◆ **TASK OBJECTIVE**: Return a copy of every line in the data below that contains "rotation".

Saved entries

——————————

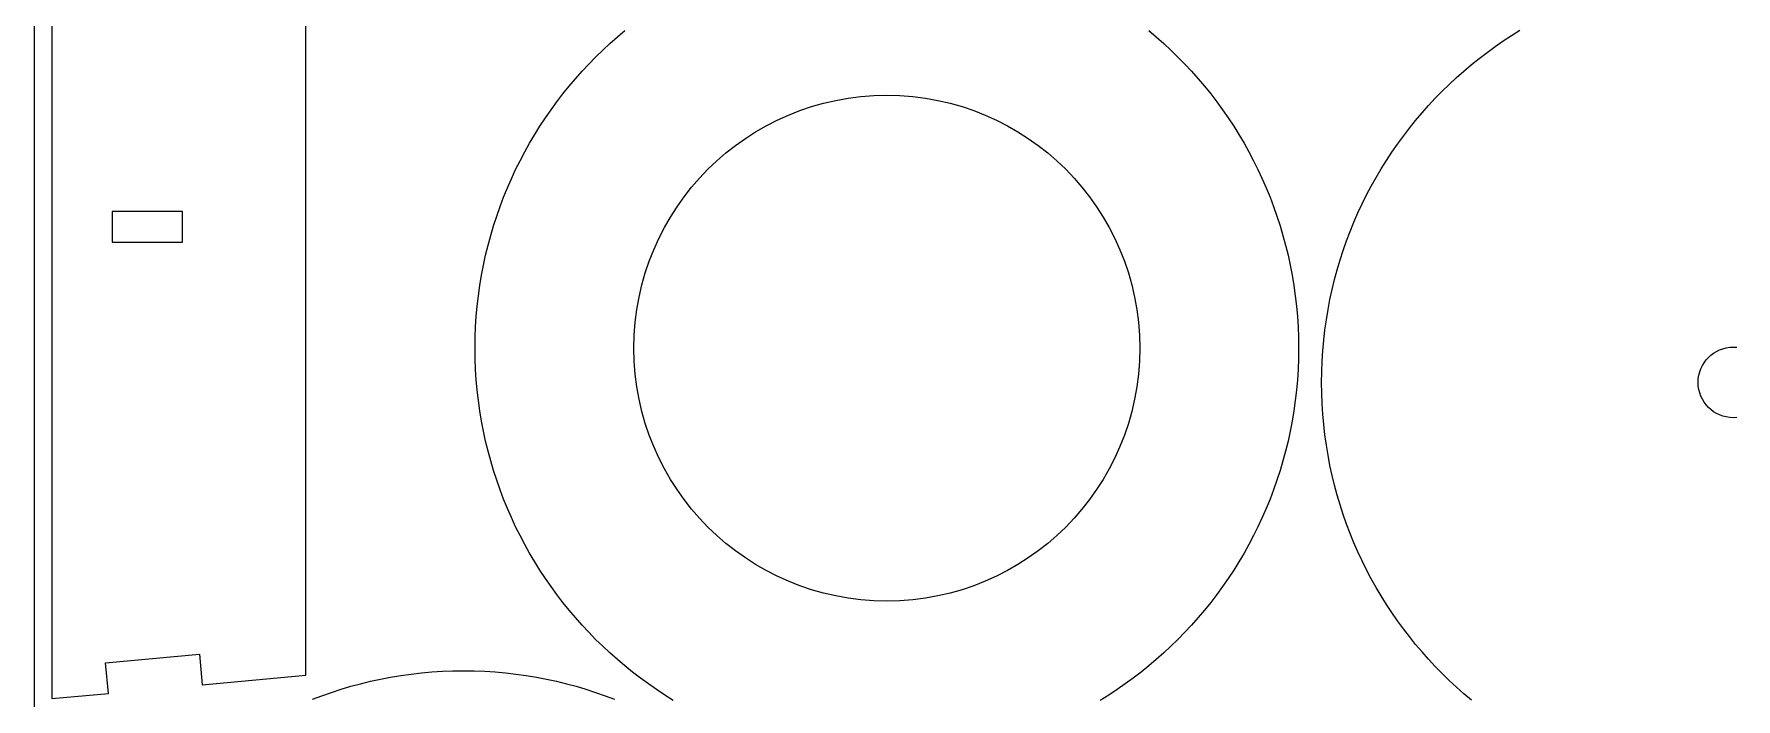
# Model space of a CAD drawing. Extents: x 378 to 958, y 20 to 900.
# Drawn here: x 668 to 812.7, y 658.4 to 714.9 of the extents above; entities that cross this region are included whole.
import ezdxf

# ---------------------------------------------------------------- set-up
doc = ezdxf.new("R2010")
doc.units = 0
doc.layers.get('0').update_dxf_attribs({"linetype": 'CONTINUOUS'})

msp = doc.modelspace()

# ---------------------------------------------------------------- linework, layer by layer
at = {"color": 0}
msp.add_line((668.0131, 900.108069), (668.0131, 20.108069), dxfattribs=at)
at = {"color": 4}
for p, q in [((669.520926, 808.382353), (669.520926, 658.394253)), ((691.106126, 660.398353), (691.106126, 806.082653)), ((717.59535, 714.648824), (718.236992, 715.191359)), ((762.763935, 715.191359), (763.405577, 714.648824)), ((792.890451, 714.295939), (793.594638, 714.759438)), ((793.594638, 714.759438), (794.310509, 715.206305)), ((715.751526, 712.932422), (716.352343, 713.519081)), ((716.352343, 713.519081), (716.967042, 714.091306)), ((716.967042, 714.091306), (717.59535, 714.648824)), ((763.405577, 714.648824), (764.033885, 714.091306)), ((764.033885, 714.091306), (764.648585, 713.519081)), ((764.648585, 713.519081), (765.249401, 712.932422)), ((790.850747, 712.8084), (791.518231, 713.320145)), ((791.518231, 713.320145), (792.198224, 713.816083)), ((792.198224, 713.816083), (792.890451, 714.295939)), ((714.592642, 711.716906), (715.164868, 712.331606)), ((715.164868, 712.331606), (715.751526, 712.932422)), ((765.249401, 712.932422), (765.83606, 712.331606)), ((765.83606, 712.331606), (766.408285, 711.716906)), ((789.554405, 711.738587), (790.196047, 712.281122)), ((790.196047, 712.281122), (790.850747, 712.8084)), ((712.965312, 709.792256), (713.49259, 710.446957)), ((713.49259, 710.446957), (714.035125, 711.088598)), ((714.035125, 711.088598), (714.592642, 711.716906)), ((766.408285, 711.716906), (766.965803, 711.088598)), ((766.965803, 711.088598), (767.508338, 710.446957)), ((767.508338, 710.446957), (768.035615, 709.792256)), ((787.710581, 710.022186), (788.311398, 710.608844)), ((788.311398, 710.608844), (788.926097, 711.18107)), ((788.926097, 711.18107), (789.554405, 711.738587)), ((711.957629, 708.444779), (712.453567, 709.124772)), ((712.453567, 709.124772), (712.965312, 709.792256)), ((734.106918, 708.716911), (735.127186, 709.006625)), ((735.127186, 709.006625), (736.167384, 709.246693)), ((736.167384, 709.246693), (737.226162, 709.435763)), ((737.226162, 709.435763), (738.302168, 709.572486)), ((738.302168, 709.572486), (739.394052, 709.65551)), ((739.394052, 709.65551), (740.500464, 709.683485)), ((740.500464, 709.683485), (741.606875, 709.65551)), ((741.606875, 709.65551), (742.69876, 709.572486)), ((742.69876, 709.572486), (743.774766, 709.435763)), ((743.774766, 709.435763), (744.833543, 709.246693)), ((744.833543, 709.246693), (745.873741, 709.006625)), ((745.873741, 709.006625), (746.894009, 708.716911)), ((768.035615, 709.792256), (768.54736, 709.124772)), ((768.54736, 709.124772), (769.043298, 708.444779)), ((786.551698, 708.80667), (787.123923, 709.42137)), ((787.123923, 709.42137), (787.710581, 710.022186)), ((711.014274, 707.048366), (711.477773, 707.752552)), ((711.477773, 707.752552), (711.957629, 708.444779)), ((730.252164, 707.088607), (731.179203, 707.563399)), ((731.179203, 707.563399), (732.131576, 707.993947)), ((732.131576, 707.993947), (733.107931, 708.378902)), ((733.107931, 708.378902), (734.106918, 708.716911)), ((746.894009, 708.716911), (747.892996, 708.378902)), ((747.892996, 708.378902), (748.869351, 707.993947)), ((748.869351, 707.993947), (749.821724, 707.563399)), ((749.821724, 707.563399), (750.748763, 707.088607)), ((769.043298, 708.444779), (769.523154, 707.752552)), ((769.523154, 707.752552), (769.986653, 707.048366)), ((784.924367, 706.88202), (785.451645, 707.53672)), ((785.451645, 707.53672), (785.99418, 708.178362)), ((785.99418, 708.178362), (786.551698, 708.80667)), ((710.137446, 705.605215), (710.567407, 706.332495)), ((710.567407, 706.332495), (711.014274, 707.048366)), ((727.636551, 705.412278), (728.479487, 706.011696)), ((728.479487, 706.011696), (729.351808, 706.570922)), ((729.351808, 706.570922), (730.252164, 707.088607)), ((750.748763, 707.088607), (751.649119, 706.570922)), ((751.649119, 706.570922), (752.52144, 706.011696)), ((752.52144, 706.011696), (753.364376, 705.412278)), ((769.986653, 707.048366), (770.43352, 706.332495)), ((770.43352, 706.332495), (770.863481, 705.605215)), ((783.916684, 705.534543), (784.412622, 706.214536)), ((784.412622, 706.214536), (784.924367, 706.88202)), ((709.329344, 704.117525), (709.724667, 704.8668)), ((709.724667, 704.8668), (710.137446, 705.605215)), ((726.044239, 704.098272), (726.824352, 704.77402)), ((726.824352, 704.77402), (727.636551, 705.412278)), ((753.364376, 705.412278), (754.176576, 704.77402)), ((754.176576, 704.77402), (754.956688, 704.098272)), ((770.863481, 705.605215), (771.27626, 704.8668)), ((771.27626, 704.8668), (771.671583, 704.117525)), ((782.973329, 704.13813), (783.436828, 704.842316)), ((783.436828, 704.842316), (783.916684, 705.534543)), ((708.592167, 702.587495), (708.951753, 703.357665)), ((708.951753, 703.357665), (709.329344, 704.117525)), ((724.585677, 702.639709), (725.297564, 703.386385)), ((725.297564, 703.386385), (726.044239, 704.098272)), ((754.956688, 704.098272), (755.703364, 703.386385)), ((755.703364, 703.386385), (756.415251, 702.639709)), ((771.671583, 704.117525), (772.049175, 703.357665)), ((772.049175, 703.357665), (772.40876, 702.587495)), ((782.096501, 702.694978), (782.526462, 703.422259)), ((782.526462, 703.422259), (782.973329, 704.13813)), ((707.928113, 701.017324), (708.250862, 701.807289)), ((708.250862, 701.807289), (708.592167, 702.587495)), ((723.27167, 701.047397), (723.909929, 701.859597)), ((723.909929, 701.859597), (724.585677, 702.639709)), ((756.415251, 702.639709), (757.090999, 701.859597)), ((757.090999, 701.859597), (757.729257, 701.047397)), ((772.40876, 702.587495), (772.750065, 701.807289)), ((772.750065, 701.807289), (773.072814, 701.017324)), ((781.288399, 701.207288), (781.683722, 701.956563)), ((781.683722, 701.956563), (782.096501, 702.694978)), ((707.339381, 699.40921), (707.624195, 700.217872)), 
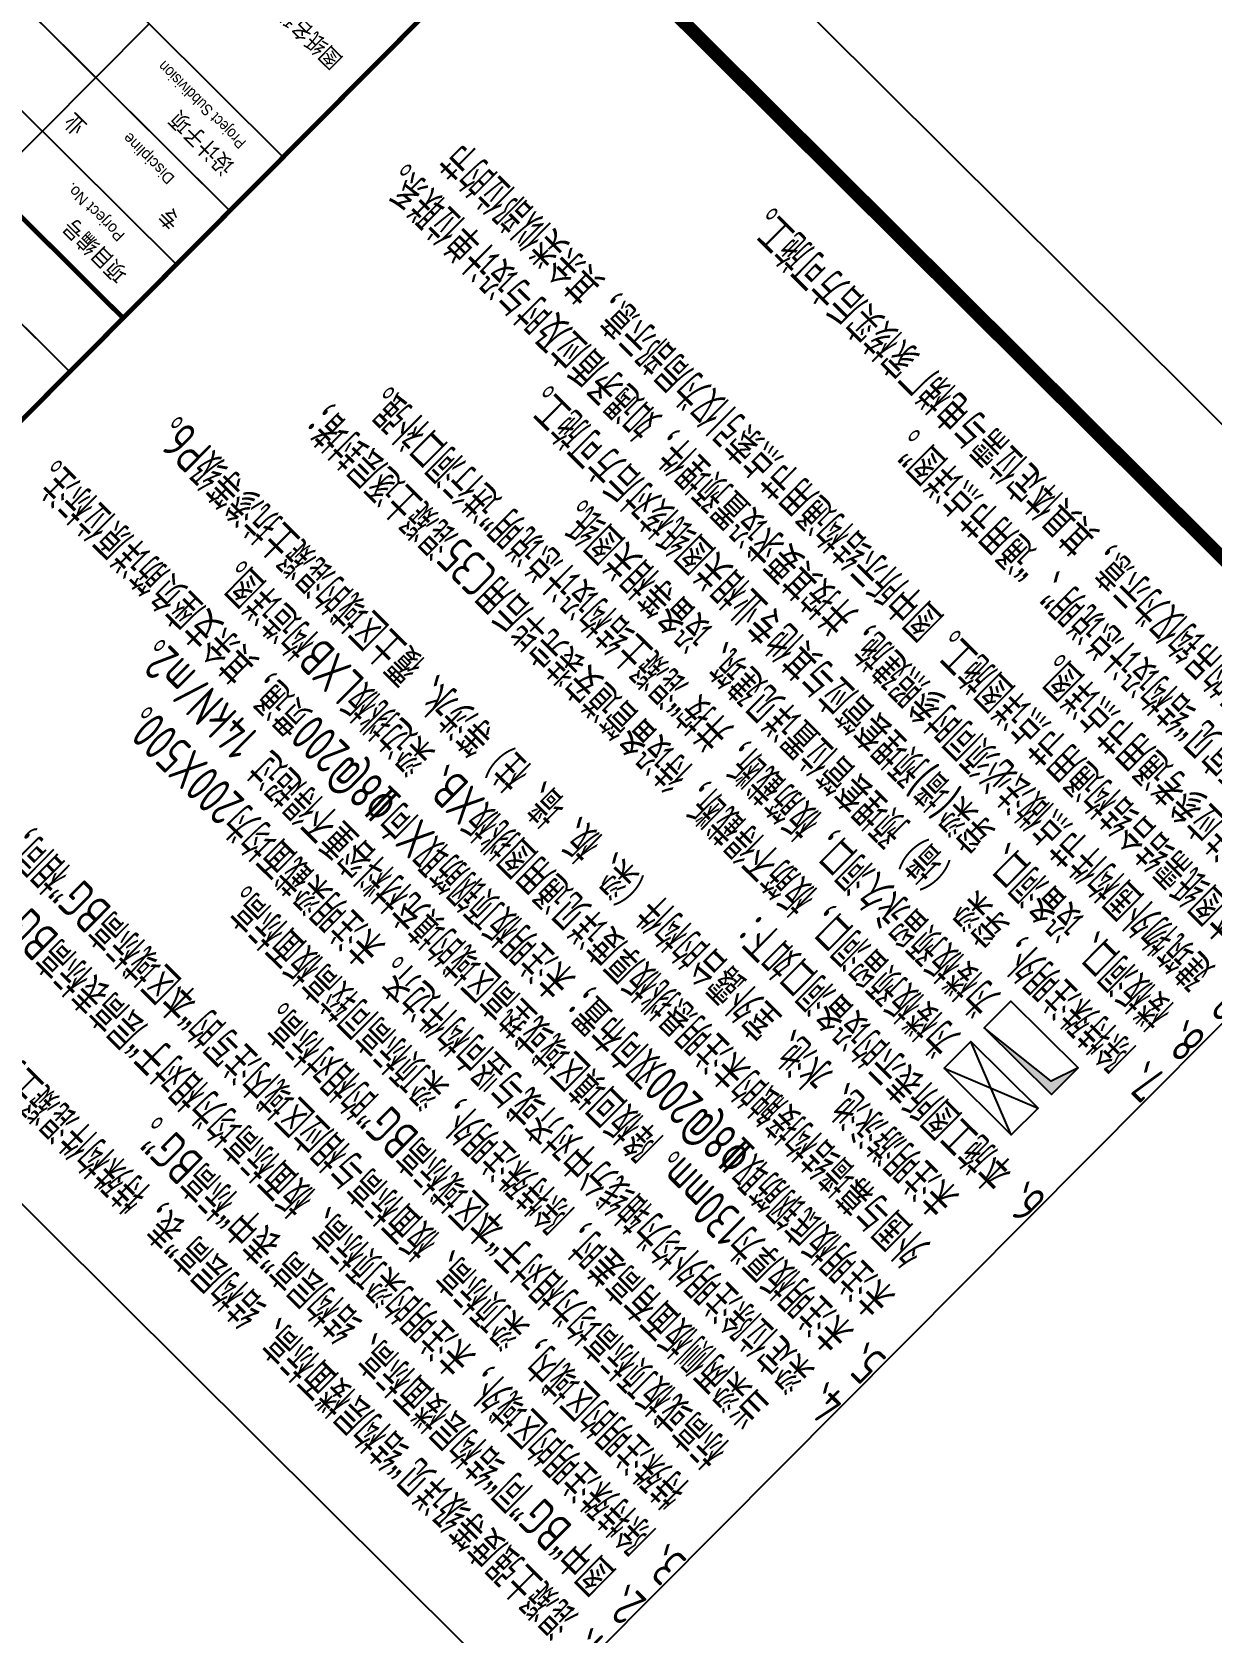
# Model space of a CAD drawing. Extents: x 517450926 to 520131079, y 3499134486 to 3500888201.
# Drawn here: x 518653237 to 518671955, y 3500201587 to 3500226979 of the extents above; entities that cross this region are included whole.
import ezdxf
from ezdxf.enums import TextEntityAlignment as Align

# ---------------------------------------------------------------- set-up
doc = ezdxf.new("R2010")
doc.units = 0
doc.header["$LTSCALE"] = 1000
doc.header["$MEASUREMENT"] = 0
doc.layers.get('0').update_dxf_attribs({"linetype": 'CONTINUOUS'})
doc.layers.add('C-SHET-SHET', color=144, linetype='CONTINUOUS')
doc.layers.add('S_PLAN_TEXT', color=7, linetype='CONTINUOUS')
doc.layers.add('S_POST_OTHER_TPLT', color=8, linetype='CONTINUOUS', plot=False)
doc.layers.add('内框', color=8, linetype='CONTINUOUS', plot=False)
doc.styles.get("Standard").update_dxf_attribs({"font": 'Tssdeng.shx', "bigfont": 'Tssdchn.shx'})
doc.styles.add('STYLEP4', font='GOTHIC.TTF')
doc.styles.add('TSSD_Rein', font='Tssdeng.shx', dxfattribs={"width": 0.7, "bigfont": 'Tssdchn.shx'})
doc.styles.add('TuKuang', font='Tssdeng.shx', dxfattribs={"width": 1.1, "bigfont": 'Tssdchn.shx'})
doc.styles.add('黑体', font='simhei.ttf')

# ---------------------------------------------------------------- blocks, each defined once
blk = doc.blocks.new('THAPE_A1L2_inner')
at = {"layer": '内框'}
blk.add_lwpolyline([(0, 0), (1261, 0), (1261, 594), (0, 594)], close=True, dxfattribs=at)
at = {"layer": '内框', "const_width": 1.4}
blk.add_lwpolyline([(25, 584), (25, 10), (1251, 10), (1251, 584)], close=True, dxfattribs=at)
at = {"layer": '内框', "const_width": 0.5}
blk.add_lwpolyline([(1171, 584), (1171, 10)], dxfattribs=at)
at = {"layer": '内框', "style": '黑体', "width": 0.8}
blk.add_attdef('内框名称', (58.89, 599.29), '', height=8, dxfattribs=at)
blk = doc.blocks.new('SH_THAPE_A1L2')
for p, q in [((1191, 74), (1191, 66)), ((1191, 66), (1191, 58)), ((1191, 50), (1191, 58))]:
    blk.add_line(p, q)
for points in [[(0, 0), (1261, 0), (1261, 594), (0, 594)], [(1251, 82), (1171, 82), (1171, 131), (1251, 131)], [(1171, 90), (1171, 82), (1211, 82), (1211, 90)], [(1171, 74), (1171, 66), (1211, 66), (1211, 74)], [(1171, 66), (1171, 58), (1211, 58), (1211, 66)], [(1171, 58), (1171, 50), (1251, 50), (1251, 58)], [(1171, 50), (1171, 26), (1251, 26), (1251, 50)]]:
    blk.add_lwpolyline(points, close=True)
for points, const_width in [([(25, 584), (25, 10), (1251, 10), (1251, 584)], 1.4), ([(1251, 10), (1171, 10), (1171, 74), (1251, 74)], 0.5)]:
    blk.add_lwpolyline(points, close=True, dxfattribs=dict(const_width=const_width))
at = {"const_width": 0.5}
blk.add_lwpolyline([(1171, 584), (1171, 10)], dxfattribs=at)
at = {"style": 'TuKuang', "width": 1.1}
for s, p in [('项目编号', (1173.96, 69.98)), ('专         业', (1173.91, 61.99)), ('设计子项', (1173.96, 53.99)), ('图纸名称', (1173.82, 37.97))]:
    blk.add_text(s, height=2, dxfattribs=at).set_placement(p)
at = {"style": 'STYLEP4'}
for s, p in [('Porject No.', (1181, 68)), ('Discipline', (1181, 60))]:
    blk.add_text(s, height=1.2, dxfattribs=at).set_placement(p, align=Align.MIDDLE)
at = {"style": 'STYLEP4', "width": 0.9}
blk.add_text('Project Subdivision', height=1.2, dxfattribs=at).set_placement((1181, 52), align=Align.MIDDLE)
blk.add_attdef('作废标记', text='', height=400).set_placement((658, 330.5), align=Align.MIDDLE_CENTER)

msp = doc.modelspace()

# ---------------------------------------------------------------- hatches: boundary and pattern name
at = {"layer": 'S_PLAN_TEXT'}
msp.add_hatch(color=256, dxfattribs=at).paths.add_polyline_path([(518669829.5958, 3500210551.0727), (518669405.9157, 3500210337.7768), (518668342.9301, 3500211183.3899), (518669406.498, 3500210125.6456)])

# ---------------------------------------------------------------- linework, layer by layer
for points in [[(518669829.5958, 3500210551.0727), (518668766.0278, 3500211608.8171), (518668342.9301, 3500211183.3899), (518669406.498, 3500210125.6456), (518669829.5958, 3500210551.0727), (518669405.9157, 3500210337.7768), (518668342.9301, 3500211183.3899)], [(518668771.8514, 3500209487.5048), (518669194.9492, 3500209912.932), (518668131.3812, 3500210970.6763), (518667708.2835, 3500210545.2492), (518668771.8514, 3500209487.5048), (518668131.3812, 3500210970.6763), (518667708.2835, 3500210545.2492), (518669194.9492, 3500209912.932)]]:
    msp.add_lwpolyline(points, dxfattribs=at)
at = {"layer": 'S_POST_OTHER_TPLT'}
msp.add_lwpolyline([(518661213.3468, 3500200292.0095), (518646855.1792, 3500214571.5587), (518661452.0517, 3500229248.7967), (518675810.2193, 3500214969.2475)], close=True, dxfattribs=at)

# ---------------------------------------------------------------- block references
at = {"layer": 'C-SHET-SHET', "xscale": 150, "yscale": 150, "zscale": 150, "rotation": 135.1572922948761}
msp.add_blockref('SH_THAPE_A1L2', (518787053.6051, 3500106450.4975), dxfattribs=at)
at = {"layer": '内框', "xscale": 149.9999999999999, "yscale": 149.9999999999999, "zscale": 149.9999999999999, "rotation": 135.1572922948763}
msp.add_blockref('THAPE_A1L2_inner', (518787053.6051, 3500106450.4975), dxfattribs=at)

# ---------------------------------------------------------------- texts
at = {"layer": 'S_PLAN_TEXT', "style": 'TSSD_Rein', "width": 0.7}
for s, p in [('10、本图纸需结合结构通用节点详图施工。图中所示结构通用节点索引仅为局部示意，其余类似部位的节', (518673165.8583, 3500212310.3276)), ('9、建筑物外围构件节点做法必须同时参照建施，并按其要求设置预埋件，如遇矛盾应及时与设计单位联系。', (518672531.2117, 3500211672.1868)), ('12、图中电梯吊钩梁的吊钩仅为示意，其具体定位需与电梯厂家核实后方可施工。', (518675069.7982, 3500214224.7499)), ('\u3000\u3000\u3000\u3000\u3000\u3000\u3000为楼板预留永久洞口，板筋截断，并按“混凝土结构设计总说明”进行洞口补强。', (518670627.2718, 3500209757.7645)), ('8、楼板洞口、设备洞口、穿梁(墙)预埋套管应与其他专业相关图纸核对后方可施工。', (518671896.565, 3500211034.046)), ('\u3000\u3000\u3000\u3000\u3000\u3000\u3000为楼板预留洞口，板筋不得截断，待设备管道安装完毕后用C35混凝土逐层封堵；', (518669992.6251, 3500209119.6237)), ('11、部分未尽事宜见“结构设计总说明”、“通用节点详图”。', (518674435.1516, 3500213586.6091)), ('7、除特殊注明外，穿梁 （墙）预埋套管位置详见建筑、设备等相关图纸。', (518671261.9184, 3500210395.9052)), ('    点做法应参考通用节点详图。', (518673800.5049, 3500212948.4684)), ('\u3000\u3000特殊注明的区域内，梁顶标高、板面标高与相应区域内注写的“本区域标高BG”相同；特殊注写的梁顶', (518664280.8055, 3500203376.3566)), ('4、梁定位除注明外均为轴线分中对齐或与竖向构件边齐。未注明梁截面均为200X500。', (518666184.7454, 3500205290.779)), ('3、除特殊注明的区域外，未注明的梁顶标高、板面标高均为相对于“层高表标高BG”的相对标高。', (518663646.1589, 3500202738.2159)), ('\u3000\u3000当梁两侧板面有高差时，除特殊注明外，梁顶标高同较高板面标高。', (518665550.0987, 3500204652.6382)), ('1、混凝土强度等级详见“结构层楼面标高、结构层高”表，特殊构件混凝土强度等级详平面图。', (518662376.8656, 3500201461.9343)), ('6、本施工图所表示的设备洞口如下：', (518669357.9785, 3500208481.4829)), ('\u3000\u3000标高或板顶标高均为相对于“本区域标高BG”的相对标高。', (518664915.4521, 3500204014.4974)), ('2、图中“BG”同“结构层楼面标高、结构层高”表中“标高BG”。', (518663011.5122, 3500202100.0751))]:
    msp.add_text(s, height=600, rotation=135.15728976, dxfattribs=at).set_placement(p)
at = {"layer": 'S_PLAN_TEXT', "color": 6, "style": 'TSSD_Rein', "width": 0.7}
for s, p in [('    未注明游泳池、水池、室外露台的构件（梁、板、墙、柱）等涉水、覆土区域的混凝土抗渗等级P6。', (518668723.3319, 3500207843.3421)), ('\u3000\u3000未注明板底钢筋取%%1328@200双向布置；未注明板顶钢筋取X向%%1328@200贯通，其余支座负筋详原位标注。', (518667551.8737, 3500206414.4711)), ('\u3000\u3000外围与幕墙结构接触的未注明悬挑板厚度详见通用图挑板XB、梁边挑板LXB构造详图。', (518668088.6853, 3500207205.2013)), ('5、未注明板厚为130mm。降板回填区域或垫高区域的填充材料容重不得超过 14kN/m2。', (518666819.392, 3500205928.9198))]:
    msp.add_text(s, height=600, rotation=135.15728976, dxfattribs=at).set_placement(p)

doc.saveas('drawing.dxf')

——————————

◆ **EXERCISE ANSWER**:
at = {"layer": 'C-SHET-SHET', "xscale": 150, "yscale": 150, "zscale": 150, "rotation": 135.1572922948761}
at = {"layer": '内框', "xscale": 149.9999999999999, "yscale": 149.9999999999999, "zscale": 149.9999999999999, "rotation": 135.1572922948763}
    msp.add_text(s, height=600, rotation=135.15728976, dxfattribs=at).set_placement(p)
    msp.add_text(s, height=600, rotation=135.15728976, dxfattribs=at).set_placement(p)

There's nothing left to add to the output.